EXERCISE INSTRUCTIONS | Hand back all records exactly, pictures omitted.

Top of EXTRACTED ENTRIES

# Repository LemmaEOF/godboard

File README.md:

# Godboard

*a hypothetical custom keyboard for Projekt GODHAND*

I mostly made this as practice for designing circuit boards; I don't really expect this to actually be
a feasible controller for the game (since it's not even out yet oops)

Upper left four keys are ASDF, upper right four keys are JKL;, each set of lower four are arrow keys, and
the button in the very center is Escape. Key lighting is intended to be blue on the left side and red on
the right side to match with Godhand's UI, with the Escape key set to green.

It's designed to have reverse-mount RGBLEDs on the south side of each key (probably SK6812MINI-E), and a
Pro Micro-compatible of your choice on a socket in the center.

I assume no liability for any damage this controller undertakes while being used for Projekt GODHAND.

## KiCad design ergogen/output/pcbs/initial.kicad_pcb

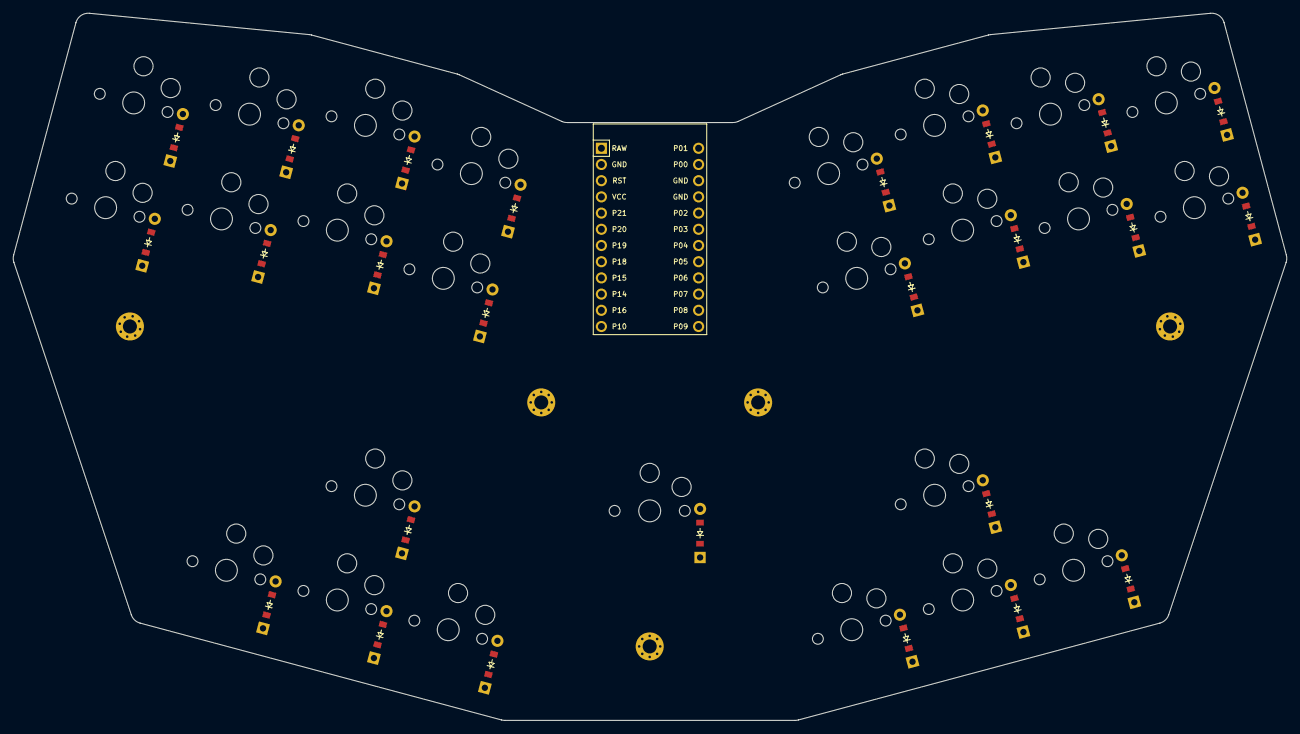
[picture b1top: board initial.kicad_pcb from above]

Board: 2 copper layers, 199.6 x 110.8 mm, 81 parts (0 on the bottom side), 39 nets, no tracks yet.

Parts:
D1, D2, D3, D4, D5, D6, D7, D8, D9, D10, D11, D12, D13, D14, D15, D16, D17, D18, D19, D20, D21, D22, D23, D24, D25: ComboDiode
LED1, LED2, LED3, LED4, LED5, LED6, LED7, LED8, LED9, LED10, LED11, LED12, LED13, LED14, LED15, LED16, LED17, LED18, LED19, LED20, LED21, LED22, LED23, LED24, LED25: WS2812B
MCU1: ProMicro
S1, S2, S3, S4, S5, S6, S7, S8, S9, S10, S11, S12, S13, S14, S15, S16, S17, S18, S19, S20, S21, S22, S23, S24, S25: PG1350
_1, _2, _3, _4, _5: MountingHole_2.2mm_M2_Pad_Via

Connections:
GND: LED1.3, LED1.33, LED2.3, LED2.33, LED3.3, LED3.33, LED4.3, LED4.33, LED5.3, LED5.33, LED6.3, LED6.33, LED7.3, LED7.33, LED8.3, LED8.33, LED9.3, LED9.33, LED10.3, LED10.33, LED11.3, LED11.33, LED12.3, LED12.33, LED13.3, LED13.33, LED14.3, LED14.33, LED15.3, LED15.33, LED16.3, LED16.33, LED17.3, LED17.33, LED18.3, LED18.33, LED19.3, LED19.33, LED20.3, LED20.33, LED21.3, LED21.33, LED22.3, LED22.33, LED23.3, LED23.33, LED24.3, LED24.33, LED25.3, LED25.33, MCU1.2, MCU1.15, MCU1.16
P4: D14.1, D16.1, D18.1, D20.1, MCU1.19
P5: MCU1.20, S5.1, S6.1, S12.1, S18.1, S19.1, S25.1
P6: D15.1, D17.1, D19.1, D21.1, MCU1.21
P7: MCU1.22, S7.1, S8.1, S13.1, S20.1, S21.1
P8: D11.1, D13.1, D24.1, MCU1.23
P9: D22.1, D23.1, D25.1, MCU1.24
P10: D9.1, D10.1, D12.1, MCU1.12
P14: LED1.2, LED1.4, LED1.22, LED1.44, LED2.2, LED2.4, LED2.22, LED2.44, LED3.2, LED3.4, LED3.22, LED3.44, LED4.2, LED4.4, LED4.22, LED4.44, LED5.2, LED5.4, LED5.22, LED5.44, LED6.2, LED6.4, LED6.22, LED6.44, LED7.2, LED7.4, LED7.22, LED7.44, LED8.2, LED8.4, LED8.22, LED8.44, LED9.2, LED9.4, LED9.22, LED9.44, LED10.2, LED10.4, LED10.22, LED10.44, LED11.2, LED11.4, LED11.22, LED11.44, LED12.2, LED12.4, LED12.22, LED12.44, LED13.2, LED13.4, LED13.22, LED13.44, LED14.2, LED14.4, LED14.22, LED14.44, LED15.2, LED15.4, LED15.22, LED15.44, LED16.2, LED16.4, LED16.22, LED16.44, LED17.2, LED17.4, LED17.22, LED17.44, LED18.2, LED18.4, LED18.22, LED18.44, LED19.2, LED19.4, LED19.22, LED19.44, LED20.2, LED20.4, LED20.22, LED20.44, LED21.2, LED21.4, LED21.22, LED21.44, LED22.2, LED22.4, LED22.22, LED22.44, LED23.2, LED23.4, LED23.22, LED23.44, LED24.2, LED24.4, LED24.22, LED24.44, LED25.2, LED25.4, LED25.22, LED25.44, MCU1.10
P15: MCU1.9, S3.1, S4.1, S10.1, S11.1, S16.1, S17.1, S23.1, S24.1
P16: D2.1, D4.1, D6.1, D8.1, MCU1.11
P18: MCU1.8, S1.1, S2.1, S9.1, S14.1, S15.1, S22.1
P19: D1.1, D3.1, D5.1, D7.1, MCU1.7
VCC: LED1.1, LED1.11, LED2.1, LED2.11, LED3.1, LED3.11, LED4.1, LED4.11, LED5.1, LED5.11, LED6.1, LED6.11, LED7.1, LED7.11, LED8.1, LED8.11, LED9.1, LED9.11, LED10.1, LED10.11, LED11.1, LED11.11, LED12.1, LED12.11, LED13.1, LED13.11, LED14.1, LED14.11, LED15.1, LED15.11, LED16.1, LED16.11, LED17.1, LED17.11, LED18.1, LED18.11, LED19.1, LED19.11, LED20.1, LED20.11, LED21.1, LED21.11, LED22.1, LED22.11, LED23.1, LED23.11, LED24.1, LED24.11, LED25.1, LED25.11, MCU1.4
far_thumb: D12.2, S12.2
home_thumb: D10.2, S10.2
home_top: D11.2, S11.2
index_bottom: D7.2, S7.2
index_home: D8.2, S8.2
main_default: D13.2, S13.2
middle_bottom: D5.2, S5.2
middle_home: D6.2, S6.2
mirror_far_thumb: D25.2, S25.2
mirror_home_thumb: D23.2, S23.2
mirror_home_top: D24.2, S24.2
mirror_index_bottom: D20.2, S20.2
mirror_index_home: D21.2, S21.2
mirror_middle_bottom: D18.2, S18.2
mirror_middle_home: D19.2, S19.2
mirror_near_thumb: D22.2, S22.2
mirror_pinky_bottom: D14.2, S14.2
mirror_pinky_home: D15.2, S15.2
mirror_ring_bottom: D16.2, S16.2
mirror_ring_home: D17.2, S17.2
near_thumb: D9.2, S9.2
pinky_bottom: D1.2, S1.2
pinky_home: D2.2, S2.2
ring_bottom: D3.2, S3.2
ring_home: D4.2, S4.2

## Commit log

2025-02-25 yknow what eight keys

Bottom of EXTRACTED ENTRIES

FINISHED EXERCISE |
# Repository LemmaEOF/godboard

File README.md:

# Godboard

*a hypothetical custom keyboard for Projekt GODHAND*

I mostly made this as practice for designing circuit boards; I don't really expect this to actually be
a feasible controller for the game (since it's not even out yet oops)

Upper left four keys are ASDF, upper right four keys are JKL;, each set of lower four are arrow keys, and
the button in the very center is Escape. Key lighting is intended to be blue on the left side and red on
the right side to match with Godhand's UI, with the Escape key set to green.

It's designed to have reverse-mount RGBLEDs on the south side of each key (probably SK6812MINI-E), and a
Pro Micro-compatible of your choice on a socket in the center.

I assume no liability for any damage this controller undertakes while being used for Projekt GODHAND.

## KiCad design ergogen/output/pcbs/initial.kicad_pcb

[picture b1top: board initial.kicad_pcb from above]

Board: 2 copper layers, 199.6 x 110.8 mm, 81 parts (0 on the bottom side), 39 nets, no tracks yet.

Parts:
D1, D2, D3, D4, D5, D6, D7, D8, D9, D10, D11, D12, D13, D14, D15, D16, D17, D18, D19, D20, D21, D22, D23, D24, D25: ComboDiode
LED1, LED2, LED3, LED4, LED5, LED6, LED7, LED8, LED9, LED10, LED11, LED12, LED13, LED14, LED15, LED16, LED17, LED18, LED19, LED20, LED21, LED22, LED23, LED24, LED25: WS2812B
MCU1: ProMicro
S1, S2, S3, S4, S5, S6, S7, S8, S9, S10, S11, S12, S13, S14, S15, S16, S17, S18, S19, S20, S21, S22, S23, S24, S25: PG1350
_1, _2, _3, _4, _5: MountingHole_2.2mm_M2_Pad_Via

Connections:
GND: LED1.3, LED1.33, LED2.3, LED2.33, LED3.3, LED3.33, LED4.3, LED4.33, LED5.3, LED5.33, LED6.3, LED6.33, LED7.3, LED7.33, LED8.3, LED8.33, LED9.3, LED9.33, LED10.3, LED10.33, LED11.3, LED11.33, LED12.3, LED12.33, LED13.3, LED13.33, LED14.3, LED14.33, LED15.3, LED15.33, LED16.3, LED16.33, LED17.3, LED17.33, LED18.3, LED18.33, LED19.3, LED19.33, LED20.3, LED20.33, LED21.3, LED21.33, LED22.3, LED22.33, LED23.3, LED23.33, LED24.3, LED24.33, LED25.3, LED25.33, MCU1.2, MCU1.15, MCU1.16
P4: D14.1, D16.1, D18.1, D20.1, MCU1.19
P5: MCU1.20, S5.1, S6.1, S12.1, S18.1, S19.1, S25.1
P6: D15.1, D17.1, D19.1, D21.1, MCU1.21
P7: MCU1.22, S7.1, S8.1, S13.1, S20.1, S21.1
P8: D11.1, D13.1, D24.1, MCU1.23
P9: D22.1, D23.1, D25.1, MCU1.24
P10: D9.1, D10.1, D12.1, MCU1.12
P14: LED1.2, LED1.4, LED1.22, LED1.44, LED2.2, LED2.4, LED2.22, LED2.44, LED3.2, LED3.4, LED3.22, LED3.44, LED4.2, LED4.4, LED4.22, LED4.44, LED5.2, LED5.4, LED5.22, LED5.44, LED6.2, LED6.4, LED6.22, LED6.44, LED7.2, LED7.4, LED7.22, LED7.44, LED8.2, LED8.4, LED8.22, LED8.44, LED9.2, LED9.4, LED9.22, LED9.44, LED10.2, LED10.4, LED10.22, LED10.44, LED11.2, LED11.4, LED11.22, LED11.44, LED12.2, LED12.4, LED12.22, LED12.44, LED13.2, LED13.4, LED13.22, LED13.44, LED14.2, LED14.4, LED14.22, LED14.44, LED15.2, LED15.4, LED15.22, LED15.44, LED16.2, LED16.4, LED16.22, LED16.44, LED17.2, LED17.4, LED17.22, LED17.44, LED18.2, LED18.4, LED18.22, LED18.44, LED19.2, LED19.4, LED19.22, LED19.44, LED20.2, LED20.4, LED20.22, LED20.44, LED21.2, LED21.4, LED21.22, LED21.44, LED22.2, LED22.4, LED22.22, LED22.44, LED23.2, LED23.4, LED23.22, LED23.44, LED24.2, LED24.4, LED24.22, LED24.44, LED25.2, LED25.4, LED25.22, LED25.44, MCU1.10
P15: MCU1.9, S3.1, S4.1, S10.1, S11.1, S16.1, S17.1, S23.1, S24.1
P16: D2.1, D4.1, D6.1, D8.1, MCU1.11
P18: MCU1.8, S1.1, S2.1, S9.1, S14.1, S15.1, S22.1
P19: D1.1, D3.1, D5.1, D7.1, MCU1.7
VCC: LED1.1, LED1.11, LED2.1, LED2.11, LED3.1, LED3.11, LED4.1, LED4.11, LED5.1, LED5.11, LED6.1, LED6.11, LED7.1, LED7.11, LED8.1, LED8.11, LED9.1, LED9.11, LED10.1, LED10.11, LED11.1, LED11.11, LED12.1, LED12.11, LED13.1, LED13.11, LED14.1, LED14.11, LED15.1, LED15.11, LED16.1, LED16.11, LED17.1, LED17.11, LED18.1, LED18.11, LED19.1, LED19.11, LED20.1, LED20.11, LED21.1, LED21.11, LED22.1, LED22.11, LED23.1, LED23.11, LED24.1, LED24.11, LED25.1, LED25.11, MCU1.4
far_thumb: D12.2, S12.2
home_thumb: D10.2, S10.2
home_top: D11.2, S11.2
index_bottom: D7.2, S7.2
index_home: D8.2, S8.2
main_default: D13.2, S13.2
middle_bottom: D5.2, S5.2
middle_home: D6.2, S6.2
mirror_far_thumb: D25.2, S25.2
mirror_home_thumb: D23.2, S23.2
mirror_home_top: D24.2, S24.2
mirror_index_bottom: D20.2, S20.2
mirror_index_home: D21.2, S21.2
mirror_middle_bottom: D18.2, S18.2
mirror_middle_home: D19.2, S19.2
mirror_near_thumb: D22.2, S22.2
mirror_pinky_bottom: D14.2, S14.2
mirror_pinky_home: D15.2, S15.2
mirror_ring_bottom: D16.2, S16.2
mirror_ring_home: D17.2, S17.2
near_thumb: D9.2, S9.2
pinky_bottom: D1.2, S1.2
pinky_home: D2.2, S2.2
ring_bottom: D3.2, S3.2
ring_home: D4.2, S4.2

## Commit log

2025-02-25 yknow what eight keys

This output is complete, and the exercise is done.